# Problem details
Every entry is to be returned as it stands, apart from the pictures.

# Material provided
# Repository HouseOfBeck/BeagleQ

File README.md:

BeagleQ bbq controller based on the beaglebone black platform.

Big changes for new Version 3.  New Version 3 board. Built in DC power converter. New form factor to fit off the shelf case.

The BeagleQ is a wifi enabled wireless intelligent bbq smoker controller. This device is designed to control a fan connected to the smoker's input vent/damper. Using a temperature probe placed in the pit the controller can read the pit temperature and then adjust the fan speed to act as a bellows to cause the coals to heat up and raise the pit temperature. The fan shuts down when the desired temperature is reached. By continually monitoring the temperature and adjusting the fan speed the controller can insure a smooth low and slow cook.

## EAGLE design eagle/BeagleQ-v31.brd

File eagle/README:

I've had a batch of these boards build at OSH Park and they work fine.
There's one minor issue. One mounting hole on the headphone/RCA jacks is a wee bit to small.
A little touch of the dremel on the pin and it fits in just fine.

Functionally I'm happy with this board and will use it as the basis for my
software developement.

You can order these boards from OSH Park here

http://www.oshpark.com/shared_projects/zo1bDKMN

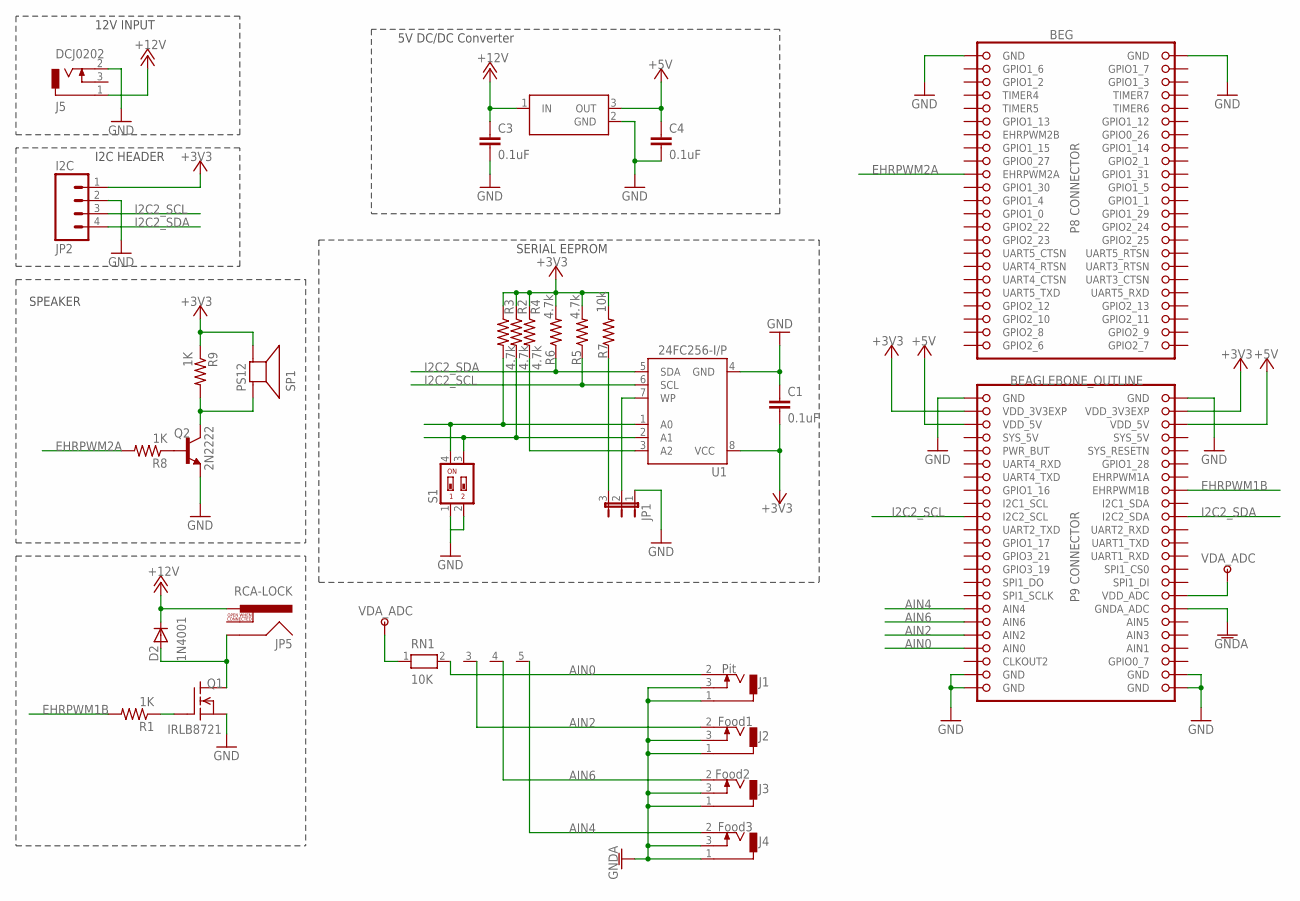
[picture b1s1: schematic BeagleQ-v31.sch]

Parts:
BEG: BEAGLEBONE_OUTLINE; BEAGLEBONE_SHIELD
C1, C3, C4: 0.1uF; C2.5-2
D2: 1N4001; DO41-10
J1: Pit; MJ-2508N
J2: Food1; MJ-2508N
J3: Food2; MJ-2508N
J4: Food3; MJ-2508N
J5: DCJ0202
JP1: WP; JP2
JP2: I2C; 1X04
JP5: RCA-LOCK; RCA_LOCK
Q1: IRLB8721; TO220
Q2: 2N2222; TO-92
R1, R8, R9: 1K; 0207/10
R2, R3, R4, R5, R6: 4.7k; 0207/10
R7: 10k; 0207/10
RN1: 10K; RN-5
S1: SWS002; SMS-002
SP1: PS12
U1: 24FC256-I/P; DIL08
U2: OKI-78SRHZNTL; OKI-78SR-HZNTL

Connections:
+3V3: BEG.49 (VDD_3V3EXP), BEG.50 (VDD_3V3EXP), C1.2, JP2.1, R2.1, R3.1, R4.1, R5.2, R6.2, R7.2, R9.1, SP1.P$2 (-), U1.8 (VCC)
+5V: BEG.51 (VDD_5V), BEG.52 (VDD_5V), C4.1, U2.3 (OUT)
+12V: C3.1, D2.C, J5.1, JP5.PIN, U2.1 (IN)
AIN0: BEG.85 (AIN0), J1.2, RN1.2
AIN2: BEG.83 (AIN2), J2.2, RN1.3
AIN4: BEG.79 (AIN4), J4.2, RN1.5
AIN6: BEG.81 (AIN6), J3.2, RN1.4
BLOWER_L: D2.A, JP5.SHELL, Q1.2 (D)
EHRPWM1B: BEG.62 (EHRPWM1B), R1.2
EHRPWM2A: BEG.19 (EHRPWM2A), R8.2
GND: BEG.1 (GND), BEG.2 (GND), BEG.47 (GND), BEG.48 (GND), BEG.89 (GND), BEG.90 (GND), BEG.91 (GND), BEG.92 (GND), C1.1, C3.2, C4.2, J5.2 (3), JP1.1, JP2.2, Q1.3 (S), Q1.4 (S), Q2.1 (E), S1.1, S1.2, U1.4 (GND), U2.2 (GND)
GNDA: BEG.80 (GNDA_ADC), J1.1, J1.3, J2.1, J2.3, J3.1, J3.3, J4.1, J4.3
I2C2_SCL: BEG.65 (I2C2_SCL), JP2.3, R5.1, U1.6 (SCL)
I2C2_SDA: BEG.66 (I2C2_SDA), JP2.4, R6.1, U1.5 (SDA)
unnamed: R2.2, S1.3, U1.2 (A1)
unnamed: R3.2, S1.4, U1.1 (A0)
unnamed: JP1.2, U1.7 (WP)
unnamed: Q1.1 (G), R1.1
unnamed: JP1.3, R7.1
unnamed: R4.2, U1.3 (A2)
unnamed: Q2.2 (B), R8.1
unnamed: Q2.3 (C), R9.2, SP1.P$1 (+)
SYS_5V: BEG.53 (SYS_5V)
VDA_ADC: BEG.78 (VDD_ADC), RN1.1

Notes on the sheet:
12V INPUT
I2C HEADER
SERIAL EEPROM
5V DC/DC Converter
SPEAKER

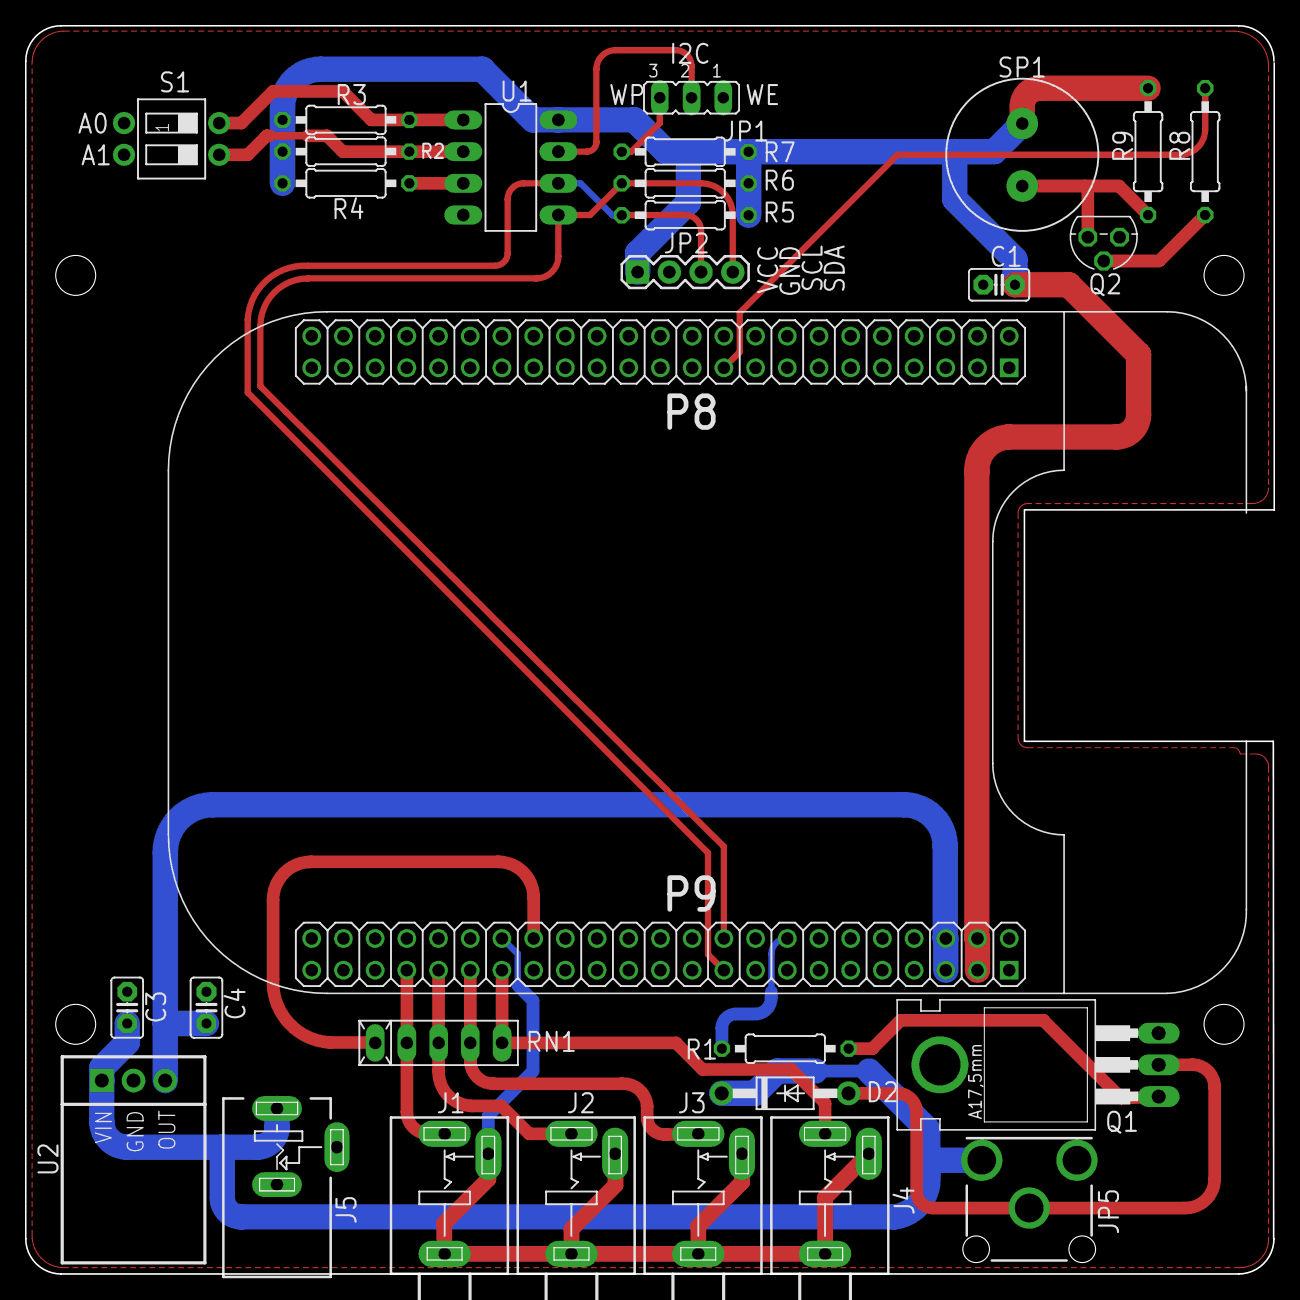
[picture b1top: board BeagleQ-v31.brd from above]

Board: 2 copper layers, 100.0 x 100.0 mm, 29 parts (0 on the bottom side), 23 nets.

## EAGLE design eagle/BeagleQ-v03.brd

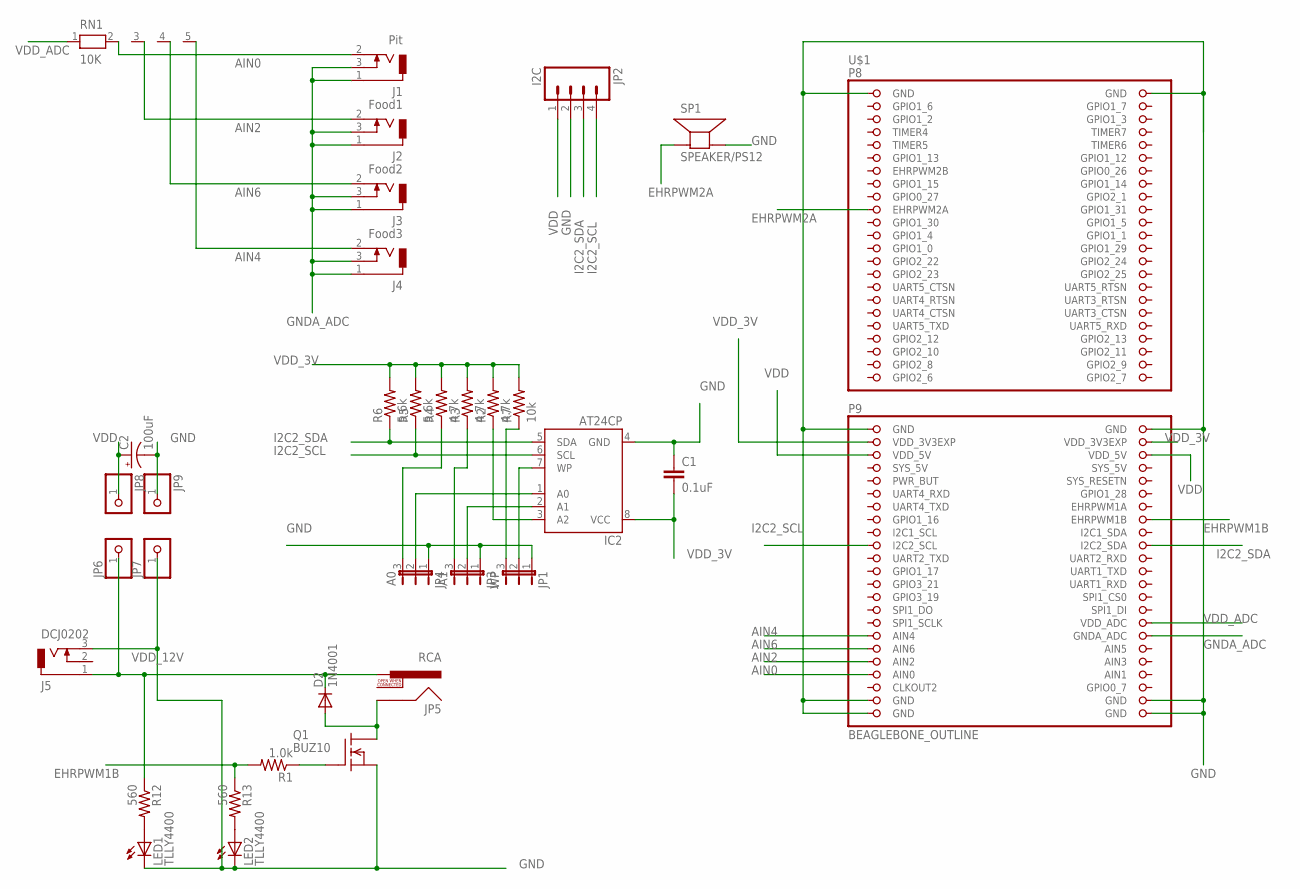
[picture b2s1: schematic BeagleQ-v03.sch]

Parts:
C1: 0.1uF; C2.5-2
C2: 100uF; E2,5-6E
D2: 1N4001; DO41-10
IC2: AT24CP; DIL08
J1: Pit; DCJ0202
J2: Food1; DCJ0202
J3: Food2; DCJ0202
J4: Food3; DCJ0202
J5: DCJ0202
JP1: WP; JP2
JP2: I2C; 1X04
JP3: A1; JP2
JP4: A0; JP2
JP5: RCA
JP6, JP7, JP8, JP9: PINHD-1X1; 1X01
LED1, LED2: TLLY4400; LED3MM
Q1: BUZ10; TO220
R1: 1.0k; 0207/10
R2, R3, R4: 4.7k; 0207/10
R5, R6: 5.6k; 0207/10
R7: 10k; 0207/10
R12, R13: 560; 0207/10
RN1: 10K; RN-5
SP1: SPEAKER/PS12; PS12
U$1: BEAGLEBONE_OUTLINE; BEAGLEBONE_SHIELD

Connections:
AIN0: J1.2, RN1.2, U$1.85 (AIN0)
AIN2: J2.2, RN1.3, U$1.83 (AIN2)
AIN4: J4.2, RN1.5, U$1.79 (AIN4)
AIN6: J3.2, RN1.4, U$1.81 (AIN6)
BLOWER_L: D2.A, JP5.SHELL, Q1.2 (D)
EHRPWM1B: R1.2, R13.1, U$1.62 (EHRPWM1B)
EHRPWM2A: SP1.P$1 (+), U$1.19 (EHRPWM2A)
GND: C1.1, C2.-, IC2.4 (GND), J5.3, JP1.1, JP2.2, JP3.1, JP4.1, JP7.1, JP9.1, LED1.K (C), LED2.K (C), Q1.3 (S), SP1.P$2 (-), U$1.1 (GND), U$1.2 (GND), U$1.47 (GND), U$1.48 (GND), U$1.89 (GND), U$1.90 (GND), U$1.91 (GND), U$1.92 (GND)
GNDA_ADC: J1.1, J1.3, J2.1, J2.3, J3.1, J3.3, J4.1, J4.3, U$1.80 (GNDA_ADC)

# Answer section
# Repository HouseOfBeck/BeagleQ

File README.md:

BeagleQ bbq controller based on the beaglebone black platform.

Big changes for new Version 3.  New Version 3 board. Built in DC power converter. New form factor to fit off the shelf case.

The BeagleQ is a wifi enabled wireless intelligent bbq smoker controller. This device is designed to control a fan connected to the smoker's input vent/damper. Using a temperature probe placed in the pit the controller can read the pit temperature and then adjust the fan speed to act as a bellows to cause the coals to heat up and raise the pit temperature. The fan shuts down when the desired temperature is reached. By continually monitoring the temperature and adjusting the fan speed the controller can insure a smooth low and slow cook.

## EAGLE design eagle/BeagleQ-v31.brd

File eagle/README:

I've had a batch of these boards build at OSH Park and they work fine.
There's one minor issue. One mounting hole on the headphone/RCA jacks is a wee bit to small.
A little touch of the dremel on the pin and it fits in just fine.

Functionally I'm happy with this board and will use it as the basis for my
software developement.

You can order these boards from OSH Park here

http://www.oshpark.com/shared_projects/zo1bDKMN

[picture b1s1: schematic BeagleQ-v31.sch]

Parts:
BEG: BEAGLEBONE_OUTLINE; BEAGLEBONE_SHIELD
C1, C3, C4: 0.1uF; C2.5-2
D2: 1N4001; DO41-10
J1: Pit; MJ-2508N
J2: Food1; MJ-2508N
J3: Food2; MJ-2508N
J4: Food3; MJ-2508N
J5: DCJ0202
JP1: WP; JP2
JP2: I2C; 1X04
JP5: RCA-LOCK; RCA_LOCK
Q1: IRLB8721; TO220
Q2: 2N2222; TO-92
R1, R8, R9: 1K; 0207/10
R2, R3, R4, R5, R6: 4.7k; 0207/10
R7: 10k; 0207/10
RN1: 10K; RN-5
S1: SWS002; SMS-002
SP1: PS12
U1: 24FC256-I/P; DIL08
U2: OKI-78SRHZNTL; OKI-78SR-HZNTL

Connections:
+3V3: BEG.49 (VDD_3V3EXP), BEG.50 (VDD_3V3EXP), C1.2, JP2.1, R2.1, R3.1, R4.1, R5.2, R6.2, R7.2, R9.1, SP1.P$2 (-), U1.8 (VCC)
+5V: BEG.51 (VDD_5V), BEG.52 (VDD_5V), C4.1, U2.3 (OUT)
+12V: C3.1, D2.C, J5.1, JP5.PIN, U2.1 (IN)
AIN0: BEG.85 (AIN0), J1.2, RN1.2
AIN2: BEG.83 (AIN2), J2.2, RN1.3
AIN4: BEG.79 (AIN4), J4.2, RN1.5
AIN6: BEG.81 (AIN6), J3.2, RN1.4
BLOWER_L: D2.A, JP5.SHELL, Q1.2 (D)
EHRPWM1B: BEG.62 (EHRPWM1B), R1.2
EHRPWM2A: BEG.19 (EHRPWM2A), R8.2
GND: BEG.1 (GND), BEG.2 (GND), BEG.47 (GND), BEG.48 (GND), BEG.89 (GND), BEG.90 (GND), BEG.91 (GND), BEG.92 (GND), C1.1, C3.2, C4.2, J5.2 (3), JP1.1, JP2.2, Q1.3 (S), Q1.4 (S), Q2.1 (E), S1.1, S1.2, U1.4 (GND), U2.2 (GND)
GNDA: BEG.80 (GNDA_ADC), J1.1, J1.3, J2.1, J2.3, J3.1, J3.3, J4.1, J4.3
I2C2_SCL: BEG.65 (I2C2_SCL), JP2.3, R5.1, U1.6 (SCL)
I2C2_SDA: BEG.66 (I2C2_SDA), JP2.4, R6.1, U1.5 (SDA)
unnamed: R2.2, S1.3, U1.2 (A1)
unnamed: R3.2, S1.4, U1.1 (A0)
unnamed: JP1.2, U1.7 (WP)
unnamed: Q1.1 (G), R1.1
unnamed: JP1.3, R7.1
unnamed: R4.2, U1.3 (A2)
unnamed: Q2.2 (B), R8.1
unnamed: Q2.3 (C), R9.2, SP1.P$1 (+)
SYS_5V: BEG.53 (SYS_5V)
VDA_ADC: BEG.78 (VDD_ADC), RN1.1

Notes on the sheet:
12V INPUT
I2C HEADER
SERIAL EEPROM
5V DC/DC Converter
SPEAKER

[picture b1top: board BeagleQ-v31.brd from above]

Board: 2 copper layers, 100.0 x 100.0 mm, 29 parts (0 on the bottom side), 23 nets.

## EAGLE design eagle/BeagleQ-v03.brd

[picture b2s1: schematic BeagleQ-v03.sch]

Parts:
C1: 0.1uF; C2.5-2
C2: 100uF; E2,5-6E
D2: 1N4001; DO41-10
IC2: AT24CP; DIL08
J1: Pit; DCJ0202
J2: Food1; DCJ0202
J3: Food2; DCJ0202
J4: Food3; DCJ0202
J5: DCJ0202
JP1: WP; JP2
JP2: I2C; 1X04
JP3: A1; JP2
JP4: A0; JP2
JP5: RCA
JP6, JP7, JP8, JP9: PINHD-1X1; 1X01
LED1, LED2: TLLY4400; LED3MM
Q1: BUZ10; TO220
R1: 1.0k; 0207/10
R2, R3, R4: 4.7k; 0207/10
R5, R6: 5.6k; 0207/10
R7: 10k; 0207/10
R12, R13: 560; 0207/10
RN1: 10K; RN-5
SP1: SPEAKER/PS12; PS12
U$1: BEAGLEBONE_OUTLINE; BEAGLEBONE_SHIELD

Connections:
AIN0: J1.2, RN1.2, U$1.85 (AIN0)
AIN2: J2.2, RN1.3, U$1.83 (AIN2)
AIN4: J4.2, RN1.5, U$1.79 (AIN4)
AIN6: J3.2, RN1.4, U$1.81 (AIN6)
BLOWER_L: D2.A, JP5.SHELL, Q1.2 (D)
EHRPWM1B: R1.2, R13.1, U$1.62 (EHRPWM1B)
EHRPWM2A: SP1.P$1 (+), U$1.19 (EHRPWM2A)
GND: C1.1, C2.-, IC2.4 (GND), J5.3, JP1.1, JP2.2, JP3.1, JP4.1, JP7.1, JP9.1, LED1.K (C), LED2.K (C), Q1.3 (S), SP1.P$2 (-), U$1.1 (GND), U$1.2 (GND), U$1.47 (GND), U$1.48 (GND), U$1.89 (GND), U$1.90 (GND), U$1.91 (GND), U$1.92 (GND)
GNDA_ADC: J1.1, J1.3, J2.1, J2.3, J3.1, J3.3, J4.1, J4.3, U$1.80 (GNDA_ADC)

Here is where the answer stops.